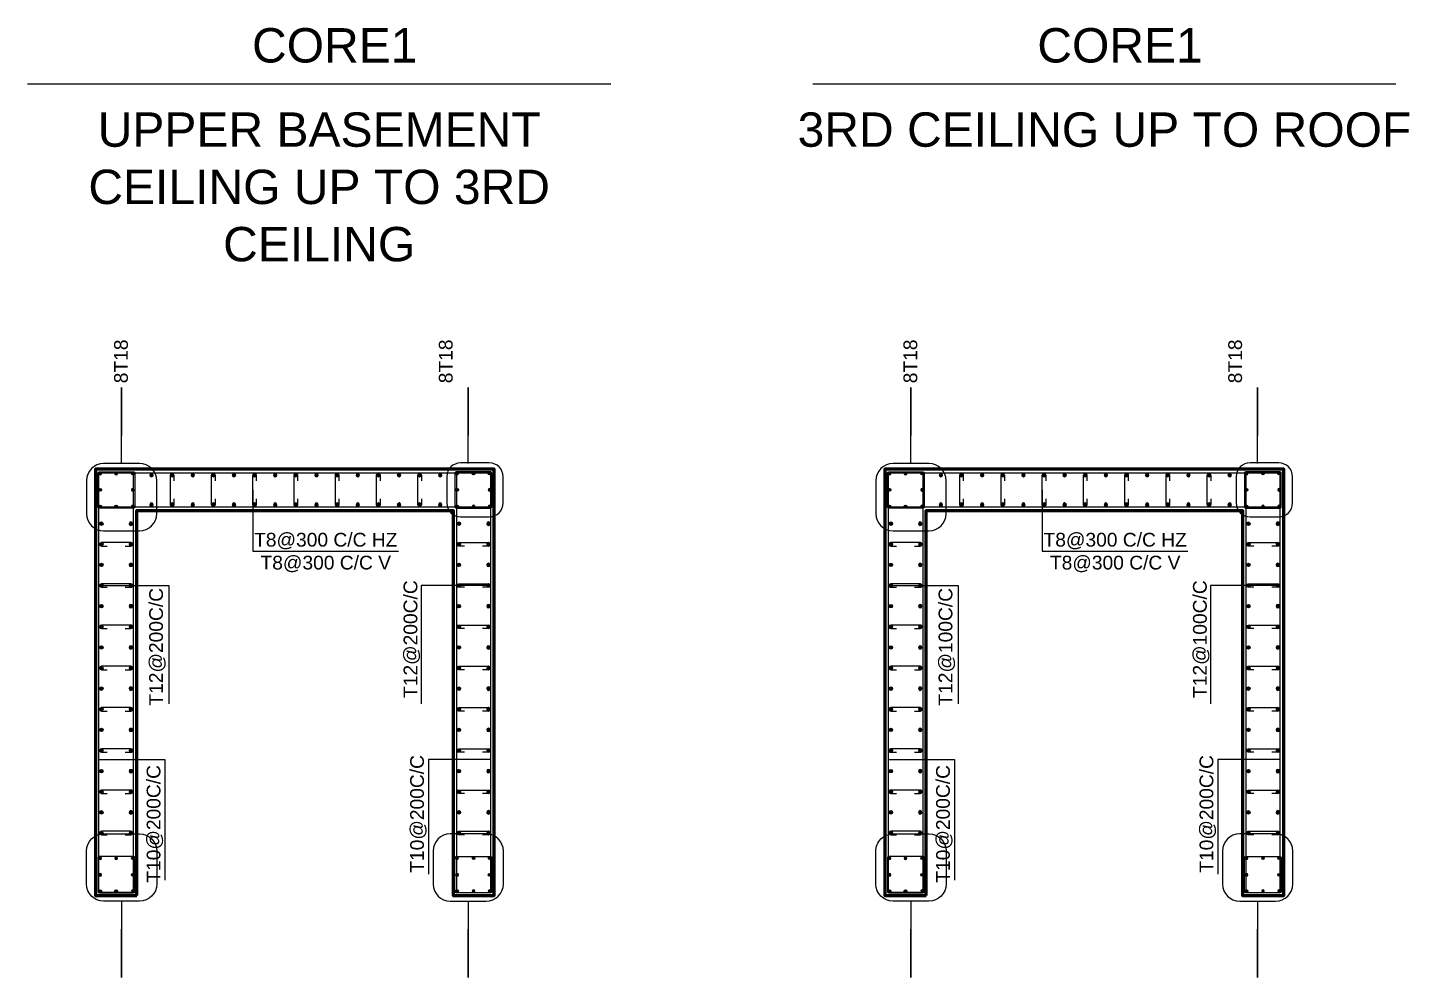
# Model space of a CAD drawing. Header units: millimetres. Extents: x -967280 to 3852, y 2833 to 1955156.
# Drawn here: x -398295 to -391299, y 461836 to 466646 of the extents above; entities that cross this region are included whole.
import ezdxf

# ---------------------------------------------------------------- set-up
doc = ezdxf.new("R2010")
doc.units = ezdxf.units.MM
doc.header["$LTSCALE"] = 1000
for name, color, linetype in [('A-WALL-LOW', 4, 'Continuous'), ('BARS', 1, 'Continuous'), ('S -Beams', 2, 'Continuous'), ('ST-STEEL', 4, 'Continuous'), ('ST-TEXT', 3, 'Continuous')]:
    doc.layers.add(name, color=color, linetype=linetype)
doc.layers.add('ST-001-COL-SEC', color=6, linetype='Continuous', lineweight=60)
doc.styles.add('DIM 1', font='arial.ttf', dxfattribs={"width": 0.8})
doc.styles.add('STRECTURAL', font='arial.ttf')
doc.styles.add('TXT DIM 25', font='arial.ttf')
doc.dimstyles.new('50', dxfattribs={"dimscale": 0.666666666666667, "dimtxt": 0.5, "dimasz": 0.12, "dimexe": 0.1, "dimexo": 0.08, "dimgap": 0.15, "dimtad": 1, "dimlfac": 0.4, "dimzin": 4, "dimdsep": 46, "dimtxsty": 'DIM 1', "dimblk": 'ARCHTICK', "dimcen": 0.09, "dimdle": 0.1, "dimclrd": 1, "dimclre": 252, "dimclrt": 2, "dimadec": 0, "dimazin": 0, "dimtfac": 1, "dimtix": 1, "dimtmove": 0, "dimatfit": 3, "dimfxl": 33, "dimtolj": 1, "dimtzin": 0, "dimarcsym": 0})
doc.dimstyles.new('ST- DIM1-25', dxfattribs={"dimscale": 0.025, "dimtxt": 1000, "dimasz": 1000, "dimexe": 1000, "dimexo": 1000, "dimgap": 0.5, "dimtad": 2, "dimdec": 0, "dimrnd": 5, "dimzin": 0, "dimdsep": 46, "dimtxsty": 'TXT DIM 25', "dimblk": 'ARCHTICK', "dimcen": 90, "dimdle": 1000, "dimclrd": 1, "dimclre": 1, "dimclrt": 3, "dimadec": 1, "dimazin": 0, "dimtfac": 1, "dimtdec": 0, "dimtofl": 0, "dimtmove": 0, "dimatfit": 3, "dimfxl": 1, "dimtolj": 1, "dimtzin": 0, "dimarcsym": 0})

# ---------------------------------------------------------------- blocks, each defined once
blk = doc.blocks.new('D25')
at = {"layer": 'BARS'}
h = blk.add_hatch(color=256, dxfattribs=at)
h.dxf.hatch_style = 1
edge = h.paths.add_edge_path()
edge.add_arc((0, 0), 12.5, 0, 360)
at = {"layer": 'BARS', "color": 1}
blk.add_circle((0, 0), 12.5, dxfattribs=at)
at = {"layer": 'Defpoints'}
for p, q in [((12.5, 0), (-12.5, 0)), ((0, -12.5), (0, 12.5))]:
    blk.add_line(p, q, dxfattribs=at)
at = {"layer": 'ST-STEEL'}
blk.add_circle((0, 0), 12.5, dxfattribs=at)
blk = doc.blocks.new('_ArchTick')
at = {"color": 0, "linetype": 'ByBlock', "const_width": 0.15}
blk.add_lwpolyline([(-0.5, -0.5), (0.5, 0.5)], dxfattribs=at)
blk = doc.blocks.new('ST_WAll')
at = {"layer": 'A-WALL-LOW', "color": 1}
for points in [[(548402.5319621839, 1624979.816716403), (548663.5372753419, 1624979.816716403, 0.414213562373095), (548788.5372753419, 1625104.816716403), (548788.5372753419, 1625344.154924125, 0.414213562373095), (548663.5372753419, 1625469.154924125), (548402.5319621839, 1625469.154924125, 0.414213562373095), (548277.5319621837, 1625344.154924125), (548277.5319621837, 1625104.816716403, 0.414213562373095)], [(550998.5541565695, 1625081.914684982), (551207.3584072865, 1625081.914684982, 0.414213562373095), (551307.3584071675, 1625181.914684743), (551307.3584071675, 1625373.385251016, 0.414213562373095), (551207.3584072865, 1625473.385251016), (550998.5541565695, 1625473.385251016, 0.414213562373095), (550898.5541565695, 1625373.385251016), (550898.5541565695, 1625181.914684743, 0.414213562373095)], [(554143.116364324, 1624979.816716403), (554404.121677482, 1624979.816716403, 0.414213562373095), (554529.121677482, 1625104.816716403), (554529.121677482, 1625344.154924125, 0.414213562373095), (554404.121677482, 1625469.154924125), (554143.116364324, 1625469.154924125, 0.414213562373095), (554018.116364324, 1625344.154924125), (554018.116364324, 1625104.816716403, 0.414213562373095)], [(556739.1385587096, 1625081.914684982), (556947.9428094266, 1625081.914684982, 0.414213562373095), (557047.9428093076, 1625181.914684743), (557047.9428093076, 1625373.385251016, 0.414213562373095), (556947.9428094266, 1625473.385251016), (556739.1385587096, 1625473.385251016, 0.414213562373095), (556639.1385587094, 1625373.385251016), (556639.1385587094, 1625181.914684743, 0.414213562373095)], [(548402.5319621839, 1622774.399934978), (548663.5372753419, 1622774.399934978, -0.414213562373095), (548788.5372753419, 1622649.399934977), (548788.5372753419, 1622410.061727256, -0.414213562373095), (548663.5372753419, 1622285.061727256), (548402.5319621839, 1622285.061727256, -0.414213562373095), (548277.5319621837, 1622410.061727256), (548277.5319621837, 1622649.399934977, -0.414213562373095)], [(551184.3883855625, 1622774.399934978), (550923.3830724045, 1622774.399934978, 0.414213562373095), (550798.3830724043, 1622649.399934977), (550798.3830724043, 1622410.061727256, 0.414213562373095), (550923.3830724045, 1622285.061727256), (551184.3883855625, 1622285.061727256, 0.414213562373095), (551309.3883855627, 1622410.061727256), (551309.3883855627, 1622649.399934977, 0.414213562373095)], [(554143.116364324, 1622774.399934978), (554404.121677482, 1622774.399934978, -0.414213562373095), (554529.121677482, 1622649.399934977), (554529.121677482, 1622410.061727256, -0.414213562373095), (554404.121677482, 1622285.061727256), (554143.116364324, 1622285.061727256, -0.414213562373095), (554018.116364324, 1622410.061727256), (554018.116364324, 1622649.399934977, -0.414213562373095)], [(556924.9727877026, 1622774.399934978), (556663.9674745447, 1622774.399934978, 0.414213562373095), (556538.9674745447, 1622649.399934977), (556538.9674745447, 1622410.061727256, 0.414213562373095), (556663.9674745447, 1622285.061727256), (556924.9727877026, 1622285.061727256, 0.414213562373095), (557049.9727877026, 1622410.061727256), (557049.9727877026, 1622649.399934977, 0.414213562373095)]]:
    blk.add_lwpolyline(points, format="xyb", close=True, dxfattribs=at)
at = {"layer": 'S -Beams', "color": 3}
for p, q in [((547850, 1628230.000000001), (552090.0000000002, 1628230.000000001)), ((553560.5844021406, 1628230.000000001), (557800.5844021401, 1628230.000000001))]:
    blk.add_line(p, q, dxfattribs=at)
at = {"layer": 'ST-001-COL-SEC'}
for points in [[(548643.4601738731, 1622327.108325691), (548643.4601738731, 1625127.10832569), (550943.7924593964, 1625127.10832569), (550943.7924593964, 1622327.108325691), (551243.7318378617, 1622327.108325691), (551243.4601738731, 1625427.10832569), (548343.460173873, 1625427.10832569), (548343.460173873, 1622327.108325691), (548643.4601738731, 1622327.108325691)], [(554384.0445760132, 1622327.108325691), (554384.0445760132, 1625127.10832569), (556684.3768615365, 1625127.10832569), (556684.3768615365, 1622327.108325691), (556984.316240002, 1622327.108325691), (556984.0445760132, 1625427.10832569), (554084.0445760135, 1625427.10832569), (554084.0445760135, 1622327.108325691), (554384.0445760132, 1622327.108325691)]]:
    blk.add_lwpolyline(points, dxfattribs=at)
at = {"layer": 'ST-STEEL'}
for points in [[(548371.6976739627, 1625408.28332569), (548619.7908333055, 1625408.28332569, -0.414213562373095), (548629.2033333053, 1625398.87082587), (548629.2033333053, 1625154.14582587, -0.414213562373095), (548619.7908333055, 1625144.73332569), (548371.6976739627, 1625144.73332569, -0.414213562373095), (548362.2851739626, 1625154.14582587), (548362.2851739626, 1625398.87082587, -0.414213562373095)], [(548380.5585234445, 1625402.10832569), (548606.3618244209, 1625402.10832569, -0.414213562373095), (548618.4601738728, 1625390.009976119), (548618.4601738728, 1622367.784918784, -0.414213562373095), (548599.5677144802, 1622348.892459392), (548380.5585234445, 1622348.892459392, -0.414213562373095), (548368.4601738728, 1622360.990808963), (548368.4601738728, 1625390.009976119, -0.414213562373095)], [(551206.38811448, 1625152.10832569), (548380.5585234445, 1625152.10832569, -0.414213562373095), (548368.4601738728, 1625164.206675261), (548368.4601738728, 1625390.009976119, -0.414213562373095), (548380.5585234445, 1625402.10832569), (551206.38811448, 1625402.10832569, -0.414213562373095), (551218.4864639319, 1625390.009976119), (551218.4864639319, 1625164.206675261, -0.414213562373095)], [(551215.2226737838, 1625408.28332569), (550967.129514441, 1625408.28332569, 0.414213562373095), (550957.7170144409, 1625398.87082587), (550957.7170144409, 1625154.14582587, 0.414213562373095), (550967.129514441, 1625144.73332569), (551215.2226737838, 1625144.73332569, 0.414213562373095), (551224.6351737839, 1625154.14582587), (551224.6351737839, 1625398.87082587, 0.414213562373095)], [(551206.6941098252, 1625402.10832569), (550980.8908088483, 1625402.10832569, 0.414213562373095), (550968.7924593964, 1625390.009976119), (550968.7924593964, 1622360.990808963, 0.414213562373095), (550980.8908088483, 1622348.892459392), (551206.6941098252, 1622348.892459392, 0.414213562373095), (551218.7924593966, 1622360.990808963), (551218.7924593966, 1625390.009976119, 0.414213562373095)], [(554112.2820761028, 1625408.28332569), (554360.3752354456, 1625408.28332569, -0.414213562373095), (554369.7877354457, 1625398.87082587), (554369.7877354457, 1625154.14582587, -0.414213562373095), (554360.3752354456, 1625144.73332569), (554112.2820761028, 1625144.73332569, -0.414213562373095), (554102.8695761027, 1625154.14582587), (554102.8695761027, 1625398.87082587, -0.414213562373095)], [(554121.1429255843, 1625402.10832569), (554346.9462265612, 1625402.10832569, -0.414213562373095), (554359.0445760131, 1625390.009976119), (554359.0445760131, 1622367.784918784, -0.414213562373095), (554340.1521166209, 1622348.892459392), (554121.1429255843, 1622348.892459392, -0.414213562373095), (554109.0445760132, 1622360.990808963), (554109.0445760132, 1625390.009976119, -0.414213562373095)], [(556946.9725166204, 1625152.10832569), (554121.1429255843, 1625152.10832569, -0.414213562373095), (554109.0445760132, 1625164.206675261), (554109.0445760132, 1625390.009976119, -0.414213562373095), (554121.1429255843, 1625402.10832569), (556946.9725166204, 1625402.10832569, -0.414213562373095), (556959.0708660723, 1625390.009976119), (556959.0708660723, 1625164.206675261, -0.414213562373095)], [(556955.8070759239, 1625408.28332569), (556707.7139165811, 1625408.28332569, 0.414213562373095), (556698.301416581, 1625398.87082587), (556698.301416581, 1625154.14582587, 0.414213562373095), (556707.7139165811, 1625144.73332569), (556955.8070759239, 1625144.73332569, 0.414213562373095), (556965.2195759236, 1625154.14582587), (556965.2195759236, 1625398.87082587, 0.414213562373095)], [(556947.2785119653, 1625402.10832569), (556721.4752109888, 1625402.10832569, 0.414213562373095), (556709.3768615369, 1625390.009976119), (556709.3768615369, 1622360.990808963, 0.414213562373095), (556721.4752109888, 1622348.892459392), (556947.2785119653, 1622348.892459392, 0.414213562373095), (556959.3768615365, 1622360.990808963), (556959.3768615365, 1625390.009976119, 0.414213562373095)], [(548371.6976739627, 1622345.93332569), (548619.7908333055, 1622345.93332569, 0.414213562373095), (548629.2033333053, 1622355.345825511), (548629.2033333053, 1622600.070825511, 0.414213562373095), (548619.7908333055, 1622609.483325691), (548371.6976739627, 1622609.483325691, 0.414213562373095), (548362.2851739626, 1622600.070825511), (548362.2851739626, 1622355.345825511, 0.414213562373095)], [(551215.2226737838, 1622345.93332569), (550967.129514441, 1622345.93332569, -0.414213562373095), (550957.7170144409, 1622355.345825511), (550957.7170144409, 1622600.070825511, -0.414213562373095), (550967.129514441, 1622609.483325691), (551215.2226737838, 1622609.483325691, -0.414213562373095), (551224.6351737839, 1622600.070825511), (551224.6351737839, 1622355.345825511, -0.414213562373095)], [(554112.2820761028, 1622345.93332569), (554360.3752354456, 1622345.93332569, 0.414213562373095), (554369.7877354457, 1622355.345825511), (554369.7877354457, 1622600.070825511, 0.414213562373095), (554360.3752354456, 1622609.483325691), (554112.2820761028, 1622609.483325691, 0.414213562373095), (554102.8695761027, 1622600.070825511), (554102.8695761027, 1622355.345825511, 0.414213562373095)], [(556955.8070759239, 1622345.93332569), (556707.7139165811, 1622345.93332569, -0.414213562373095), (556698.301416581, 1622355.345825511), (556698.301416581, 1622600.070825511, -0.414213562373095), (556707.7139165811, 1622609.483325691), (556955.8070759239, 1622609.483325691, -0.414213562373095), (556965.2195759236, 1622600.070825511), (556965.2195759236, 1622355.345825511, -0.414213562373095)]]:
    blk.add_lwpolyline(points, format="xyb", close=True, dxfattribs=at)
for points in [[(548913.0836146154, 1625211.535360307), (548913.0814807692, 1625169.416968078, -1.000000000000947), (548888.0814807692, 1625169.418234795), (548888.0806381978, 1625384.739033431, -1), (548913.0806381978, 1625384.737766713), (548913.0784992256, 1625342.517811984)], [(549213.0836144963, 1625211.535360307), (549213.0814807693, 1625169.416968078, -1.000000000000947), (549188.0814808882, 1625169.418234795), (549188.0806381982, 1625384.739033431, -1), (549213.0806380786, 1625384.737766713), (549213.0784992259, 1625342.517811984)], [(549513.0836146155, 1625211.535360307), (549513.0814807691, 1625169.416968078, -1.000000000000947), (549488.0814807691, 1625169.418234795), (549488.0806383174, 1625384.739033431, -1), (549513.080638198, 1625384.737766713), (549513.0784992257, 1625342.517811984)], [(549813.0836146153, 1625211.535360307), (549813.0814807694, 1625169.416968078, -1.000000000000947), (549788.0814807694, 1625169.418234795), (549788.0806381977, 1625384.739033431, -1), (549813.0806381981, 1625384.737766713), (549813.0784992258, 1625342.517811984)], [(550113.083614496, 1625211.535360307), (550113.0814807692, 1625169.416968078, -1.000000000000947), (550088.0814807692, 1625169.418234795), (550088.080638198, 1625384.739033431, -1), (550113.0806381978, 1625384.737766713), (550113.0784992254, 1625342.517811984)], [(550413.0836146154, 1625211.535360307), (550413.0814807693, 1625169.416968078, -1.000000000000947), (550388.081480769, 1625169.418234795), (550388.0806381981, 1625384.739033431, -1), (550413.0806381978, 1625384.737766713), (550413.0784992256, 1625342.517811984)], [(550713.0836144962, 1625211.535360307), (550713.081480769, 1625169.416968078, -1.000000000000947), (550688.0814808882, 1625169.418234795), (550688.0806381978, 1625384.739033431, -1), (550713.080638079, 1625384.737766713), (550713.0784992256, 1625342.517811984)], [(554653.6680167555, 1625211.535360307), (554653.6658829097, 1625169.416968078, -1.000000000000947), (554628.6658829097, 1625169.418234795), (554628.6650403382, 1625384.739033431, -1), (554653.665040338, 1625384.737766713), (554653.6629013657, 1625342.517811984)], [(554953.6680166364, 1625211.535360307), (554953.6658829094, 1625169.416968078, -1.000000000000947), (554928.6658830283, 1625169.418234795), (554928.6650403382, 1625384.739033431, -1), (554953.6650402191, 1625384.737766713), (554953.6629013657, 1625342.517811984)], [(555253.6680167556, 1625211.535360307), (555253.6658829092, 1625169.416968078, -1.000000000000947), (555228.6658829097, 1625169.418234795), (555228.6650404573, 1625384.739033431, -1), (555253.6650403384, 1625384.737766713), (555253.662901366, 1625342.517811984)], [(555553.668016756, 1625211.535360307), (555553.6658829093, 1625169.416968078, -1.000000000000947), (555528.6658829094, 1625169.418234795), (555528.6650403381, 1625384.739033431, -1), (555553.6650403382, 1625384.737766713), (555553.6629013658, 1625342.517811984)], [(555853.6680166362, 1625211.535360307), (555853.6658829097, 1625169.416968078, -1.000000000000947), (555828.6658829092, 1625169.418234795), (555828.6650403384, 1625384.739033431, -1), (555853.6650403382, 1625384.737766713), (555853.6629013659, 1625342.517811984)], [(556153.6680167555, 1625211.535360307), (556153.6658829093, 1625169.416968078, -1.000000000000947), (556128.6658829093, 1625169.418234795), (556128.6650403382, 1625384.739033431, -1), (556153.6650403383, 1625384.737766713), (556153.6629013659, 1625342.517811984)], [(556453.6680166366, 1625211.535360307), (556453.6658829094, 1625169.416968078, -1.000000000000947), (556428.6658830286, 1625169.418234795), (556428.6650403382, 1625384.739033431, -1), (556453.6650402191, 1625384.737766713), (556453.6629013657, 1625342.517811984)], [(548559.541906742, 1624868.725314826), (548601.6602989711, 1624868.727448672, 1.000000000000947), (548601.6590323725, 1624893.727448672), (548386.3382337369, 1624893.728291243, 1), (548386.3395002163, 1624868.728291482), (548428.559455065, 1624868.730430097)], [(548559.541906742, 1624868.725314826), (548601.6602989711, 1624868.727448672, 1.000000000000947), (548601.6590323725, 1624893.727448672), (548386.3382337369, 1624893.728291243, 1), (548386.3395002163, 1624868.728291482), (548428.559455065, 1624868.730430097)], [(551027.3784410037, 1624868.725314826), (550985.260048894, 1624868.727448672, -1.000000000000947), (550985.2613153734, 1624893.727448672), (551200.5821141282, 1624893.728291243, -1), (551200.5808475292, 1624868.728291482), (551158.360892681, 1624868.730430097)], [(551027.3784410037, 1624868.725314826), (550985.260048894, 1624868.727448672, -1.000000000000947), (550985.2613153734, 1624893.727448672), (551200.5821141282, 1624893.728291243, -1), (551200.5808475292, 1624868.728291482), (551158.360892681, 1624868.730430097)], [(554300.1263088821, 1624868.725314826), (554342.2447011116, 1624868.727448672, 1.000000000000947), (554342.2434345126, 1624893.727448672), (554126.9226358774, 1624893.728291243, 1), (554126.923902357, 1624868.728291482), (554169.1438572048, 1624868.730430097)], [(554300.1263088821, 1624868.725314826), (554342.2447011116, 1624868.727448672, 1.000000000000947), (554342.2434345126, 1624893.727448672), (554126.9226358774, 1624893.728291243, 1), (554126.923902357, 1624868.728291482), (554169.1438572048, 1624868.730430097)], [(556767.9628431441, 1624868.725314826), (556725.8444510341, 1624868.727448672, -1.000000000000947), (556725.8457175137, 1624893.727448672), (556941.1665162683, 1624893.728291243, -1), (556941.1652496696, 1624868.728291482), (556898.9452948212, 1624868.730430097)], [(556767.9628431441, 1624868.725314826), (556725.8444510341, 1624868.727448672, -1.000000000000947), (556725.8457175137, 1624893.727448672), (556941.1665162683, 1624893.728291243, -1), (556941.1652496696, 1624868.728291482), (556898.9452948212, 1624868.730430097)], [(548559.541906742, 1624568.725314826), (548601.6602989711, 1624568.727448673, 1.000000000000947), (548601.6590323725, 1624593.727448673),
○ ○ ○ ○ ○
▸ Requirement:
Your response must consist of the lines from the beginning of the data through the line containing "doc.styles.add('TXT DIM 25', font='arial.ttf')", transcribed exactly, with no pictures.

▸ Answer section:
# Model space of a CAD drawing. Header units: millimetres. Extents: x -967280 to 3852, y 2833 to 1955156.
# Drawn here: x -398295 to -391299, y 461836 to 466646 of the extents above; entities that cross this region are included whole.
import ezdxf

# ---------------------------------------------------------------- set-up
doc = ezdxf.new("R2010")
doc.units = ezdxf.units.MM
doc.header["$LTSCALE"] = 1000
for name, color, linetype in [('A-WALL-LOW', 4, 'Continuous'), ('BARS', 1, 'Continuous'), ('S -Beams', 2, 'Continuous'), ('ST-STEEL', 4, 'Continuous'), ('ST-TEXT', 3, 'Continuous')]:
    doc.layers.add(name, color=color, linetype=linetype)
doc.layers.add('ST-001-COL-SEC', color=6, linetype='Continuous', lineweight=60)
doc.styles.add('DIM 1', font='arial.ttf', dxfattribs={"width": 0.8})
doc.styles.add('STRECTURAL', font='arial.ttf')
doc.styles.add('TXT DIM 25', font='arial.ttf')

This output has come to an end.